• _RECORDS FOR THIS EXERCISE_:
★ ★ ★ ★
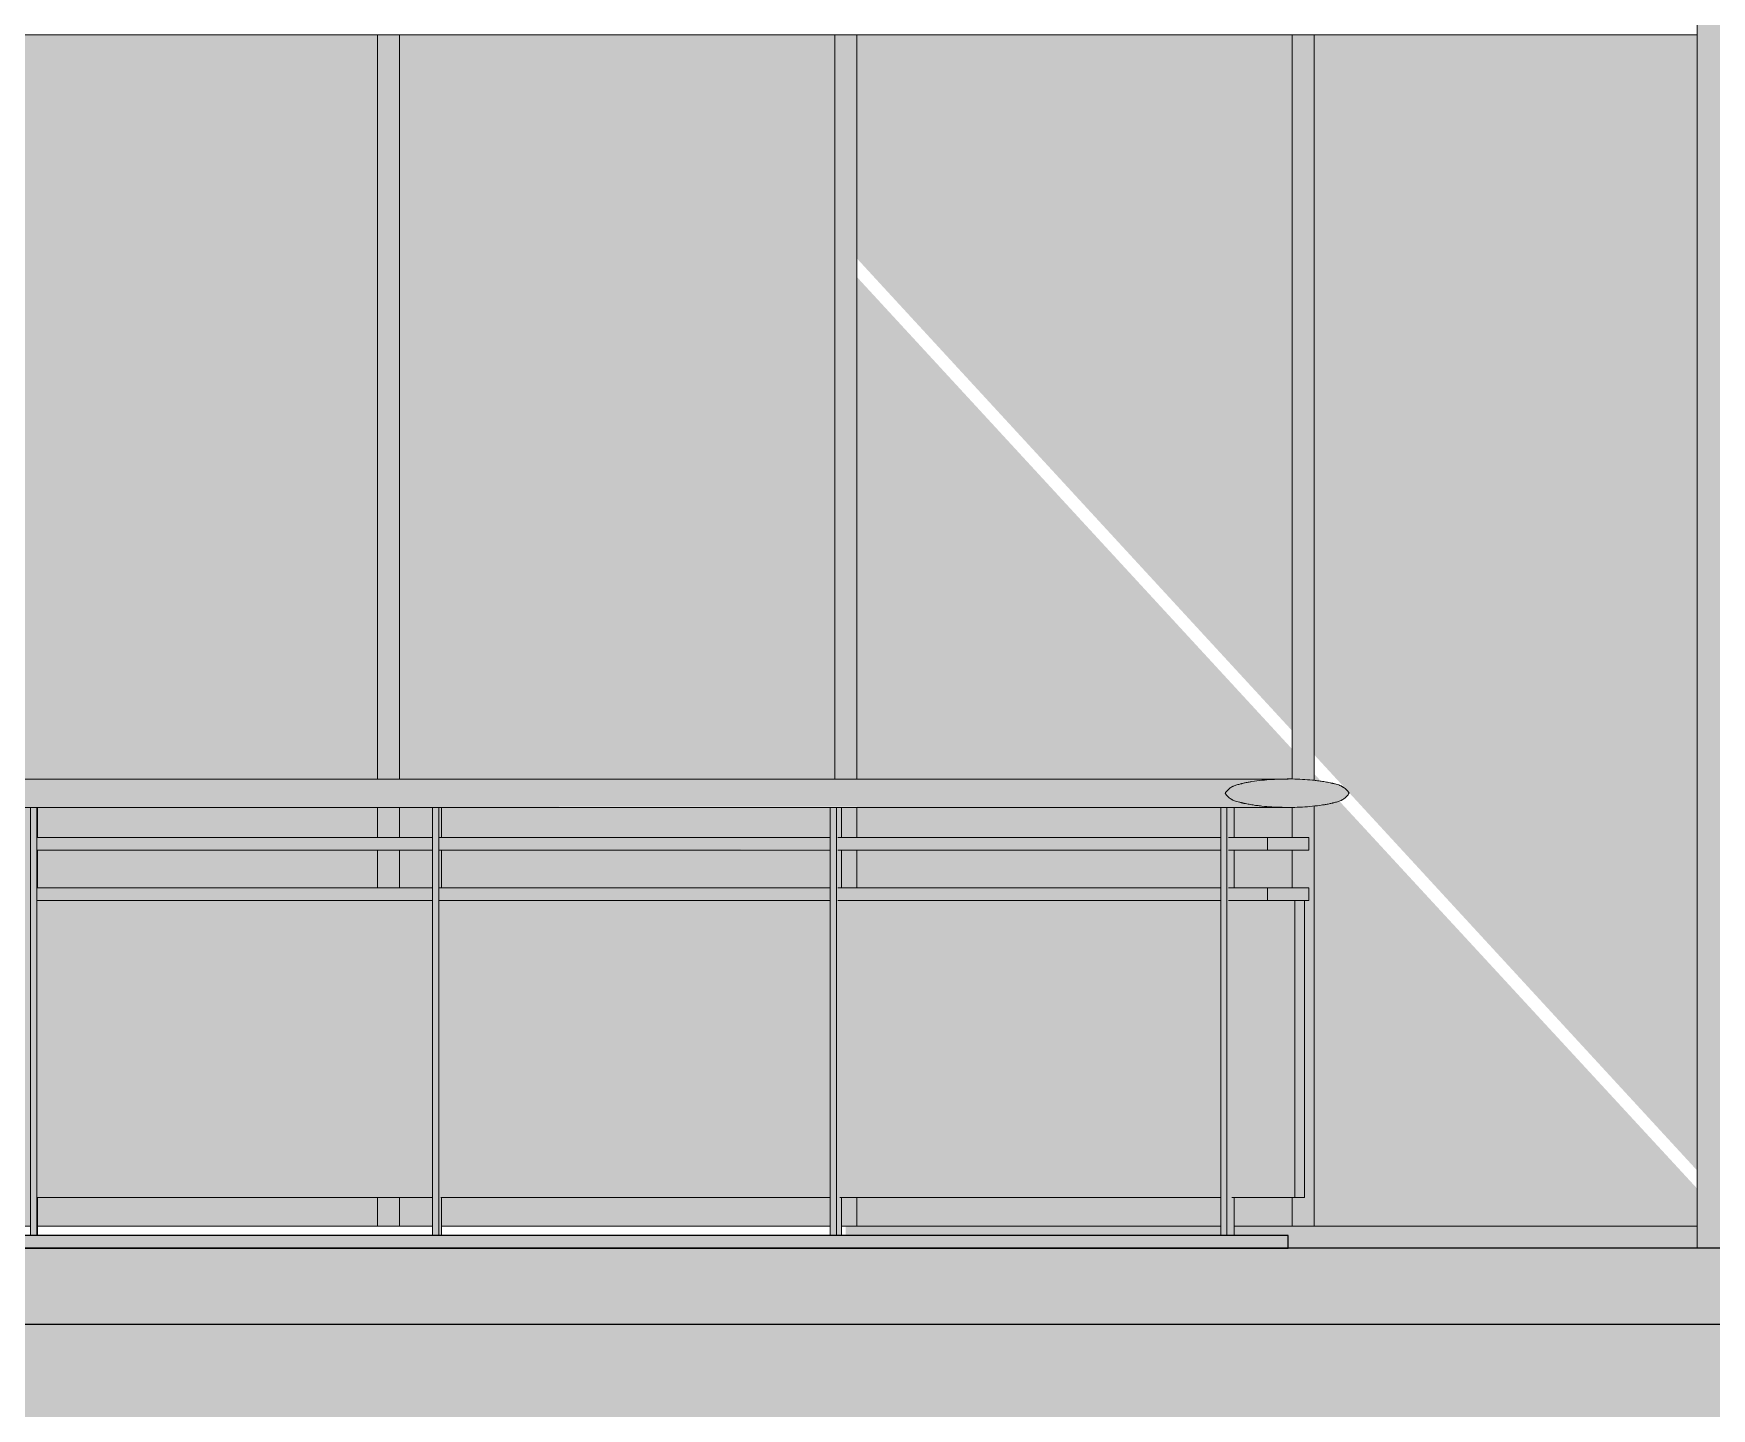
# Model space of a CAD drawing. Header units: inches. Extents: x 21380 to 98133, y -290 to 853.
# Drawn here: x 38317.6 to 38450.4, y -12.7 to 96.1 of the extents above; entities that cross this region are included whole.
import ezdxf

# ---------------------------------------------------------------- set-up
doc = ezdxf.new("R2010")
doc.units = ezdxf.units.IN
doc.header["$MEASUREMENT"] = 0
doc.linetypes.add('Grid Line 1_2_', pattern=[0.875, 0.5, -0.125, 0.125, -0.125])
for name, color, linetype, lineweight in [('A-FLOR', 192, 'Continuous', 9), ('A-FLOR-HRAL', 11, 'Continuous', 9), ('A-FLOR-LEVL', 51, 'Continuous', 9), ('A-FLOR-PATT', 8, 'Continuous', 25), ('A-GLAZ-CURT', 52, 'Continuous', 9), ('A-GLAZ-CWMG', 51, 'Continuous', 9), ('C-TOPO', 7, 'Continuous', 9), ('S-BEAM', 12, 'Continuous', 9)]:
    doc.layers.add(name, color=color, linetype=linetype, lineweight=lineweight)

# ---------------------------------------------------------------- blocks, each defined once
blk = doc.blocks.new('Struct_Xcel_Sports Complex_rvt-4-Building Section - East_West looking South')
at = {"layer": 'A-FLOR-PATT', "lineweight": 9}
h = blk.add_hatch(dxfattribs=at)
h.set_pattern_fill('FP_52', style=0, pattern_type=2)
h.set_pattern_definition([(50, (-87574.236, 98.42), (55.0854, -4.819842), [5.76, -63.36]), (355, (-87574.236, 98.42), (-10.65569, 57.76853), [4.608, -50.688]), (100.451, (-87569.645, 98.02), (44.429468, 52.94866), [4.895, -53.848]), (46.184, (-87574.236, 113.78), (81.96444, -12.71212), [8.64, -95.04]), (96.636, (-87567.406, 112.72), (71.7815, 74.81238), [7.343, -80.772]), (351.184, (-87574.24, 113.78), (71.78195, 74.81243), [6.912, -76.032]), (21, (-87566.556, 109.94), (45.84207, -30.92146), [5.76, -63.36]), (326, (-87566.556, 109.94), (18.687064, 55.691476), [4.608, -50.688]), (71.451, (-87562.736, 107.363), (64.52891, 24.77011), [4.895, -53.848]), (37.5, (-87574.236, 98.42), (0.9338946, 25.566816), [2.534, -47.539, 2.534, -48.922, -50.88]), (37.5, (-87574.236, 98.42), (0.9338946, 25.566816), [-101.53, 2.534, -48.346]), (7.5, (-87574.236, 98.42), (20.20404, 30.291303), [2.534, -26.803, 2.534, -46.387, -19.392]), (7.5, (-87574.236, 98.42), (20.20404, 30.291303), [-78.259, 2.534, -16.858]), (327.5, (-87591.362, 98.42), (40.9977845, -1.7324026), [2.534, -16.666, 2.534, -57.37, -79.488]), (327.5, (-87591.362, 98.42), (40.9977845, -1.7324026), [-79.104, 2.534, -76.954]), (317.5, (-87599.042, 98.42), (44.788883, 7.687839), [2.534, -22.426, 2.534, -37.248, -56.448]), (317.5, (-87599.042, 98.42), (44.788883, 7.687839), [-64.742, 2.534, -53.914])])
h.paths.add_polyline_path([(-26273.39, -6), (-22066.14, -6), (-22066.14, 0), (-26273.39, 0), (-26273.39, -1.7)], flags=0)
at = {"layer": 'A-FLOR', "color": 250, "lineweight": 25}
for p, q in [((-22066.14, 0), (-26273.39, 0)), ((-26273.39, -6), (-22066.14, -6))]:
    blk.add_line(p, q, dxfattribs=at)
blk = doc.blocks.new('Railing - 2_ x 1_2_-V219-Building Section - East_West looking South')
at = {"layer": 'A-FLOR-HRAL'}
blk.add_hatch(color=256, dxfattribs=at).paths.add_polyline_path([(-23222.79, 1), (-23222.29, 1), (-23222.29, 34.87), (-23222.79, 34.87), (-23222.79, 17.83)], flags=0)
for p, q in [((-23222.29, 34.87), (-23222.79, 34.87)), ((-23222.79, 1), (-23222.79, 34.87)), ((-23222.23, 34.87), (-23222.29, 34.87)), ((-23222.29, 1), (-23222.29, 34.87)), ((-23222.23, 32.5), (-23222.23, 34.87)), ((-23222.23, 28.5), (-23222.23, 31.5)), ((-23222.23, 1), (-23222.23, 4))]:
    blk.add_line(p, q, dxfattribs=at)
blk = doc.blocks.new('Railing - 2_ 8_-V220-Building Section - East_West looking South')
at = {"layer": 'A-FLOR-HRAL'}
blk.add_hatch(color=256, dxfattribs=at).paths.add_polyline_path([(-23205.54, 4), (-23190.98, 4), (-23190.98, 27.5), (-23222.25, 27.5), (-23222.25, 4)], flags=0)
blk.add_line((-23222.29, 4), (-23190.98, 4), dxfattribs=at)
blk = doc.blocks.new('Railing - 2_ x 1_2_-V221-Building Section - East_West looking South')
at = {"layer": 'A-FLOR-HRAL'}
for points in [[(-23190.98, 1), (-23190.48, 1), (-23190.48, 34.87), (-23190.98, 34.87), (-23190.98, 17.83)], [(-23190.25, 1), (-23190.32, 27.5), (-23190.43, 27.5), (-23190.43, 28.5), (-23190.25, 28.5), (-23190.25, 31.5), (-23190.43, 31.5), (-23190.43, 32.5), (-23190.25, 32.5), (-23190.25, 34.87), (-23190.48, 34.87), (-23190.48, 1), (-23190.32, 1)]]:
★ ★ ★ ★
• _REQUIRED WORK_: Report the lines above that contain "units".

• _RESPONSE TO THE TASK_:
# Model space of a CAD drawing. Header units: inches. Extents: x 21380 to 98133, y -290 to 853.
doc.units = ezdxf.units.IN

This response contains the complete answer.